The article unravels the myth behind the theory of rational decision making used in modern-day economics.
The conventional economic theory defines rationality as an inherent characteristic of the homo sapiens. In simplistic yet significant terms, this means that any decision taken by us, human beings, are researched intensively and well-calculated ex-ante. So, when you go for grocery shopping, economists assume all that follows. That you know the current market price of all the vegetables and fruits available worldwide. That you have measured the distance from your home to these stores. That you have calculated the expense of fuel to reach the store and back home. And, most importantly, that you have conducted a cost-benefit analysis of all the permutations and combinations of options available and finally decided on the least pricey choice to go for. Unless you are not through, you are not going to step out in the market. So stay home and do what you should rationally do.
The whole idea of rationality might seem unrighteous right now, but wait till you reach the end.
To step back a little over two centuries, the roots of this whole idea lie in a book called ‘An Inquiry into the Nature and Causes of the Wealth of Nations’, written by Adam Smith, the father of economics. He studied the behaviour of people in decision making, which speaks of self-interest, and further proposed the invisible hand theory. The invisible hand is what helps free-markets determine a price based on the demand and the supply prevailing in an economy. And this demand is, as a matter of fact, dependent on people and their ‘rationality’. That is, to act in self-interest and trade at the lowest possible price. This concept is rock solid until we assume a small, free-market economy with no government intervention and no bank regulation. It acts as the fundamental assumption that micro-economists make while devising a new theory or explaining an older one.

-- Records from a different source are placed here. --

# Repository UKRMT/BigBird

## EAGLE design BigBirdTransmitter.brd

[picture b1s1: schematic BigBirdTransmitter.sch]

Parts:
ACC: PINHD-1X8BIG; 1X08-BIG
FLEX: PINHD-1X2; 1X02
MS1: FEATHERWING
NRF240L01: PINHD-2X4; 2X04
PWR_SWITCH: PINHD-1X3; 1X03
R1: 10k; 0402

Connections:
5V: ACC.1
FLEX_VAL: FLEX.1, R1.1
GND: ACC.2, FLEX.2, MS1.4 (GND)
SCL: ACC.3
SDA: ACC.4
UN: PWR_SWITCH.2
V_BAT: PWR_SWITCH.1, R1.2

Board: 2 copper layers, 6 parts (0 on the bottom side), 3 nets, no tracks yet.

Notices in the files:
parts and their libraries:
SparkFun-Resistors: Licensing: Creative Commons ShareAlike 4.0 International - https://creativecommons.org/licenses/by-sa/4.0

But with the evolution of game theory, a branch of microeconomics, a new term called the ‘paradox of rationality‘ has come into light. It proposes that individual rational behaviour could lead to an irrational or undesirable outcome for society as a whole. If this sounds irrational, the following will clear it out. Consider your nearest public park. On a bright Sunday afternoon, you go out on a picnic with your family. You carry eatables, packaged as well as homemade food, some cans of soft drinks, which you enjoy a lot. While leaving you simply decide to toss the torn packets and the empty cans off your rug. This is a perfectly rational individual behaviour, but if everyone does so, it harms society. Hence, the paradox. This is true for all public goods like ponds (which can be overfished), fields (which can be over-grazed by cows) and all other commons. It is also true for that frivolous student on the school project team who didn’t do his part but received the same good grades as his industrious peers. The game theory approach calls this the ‘free-rider problem‘ as is self-explanatory.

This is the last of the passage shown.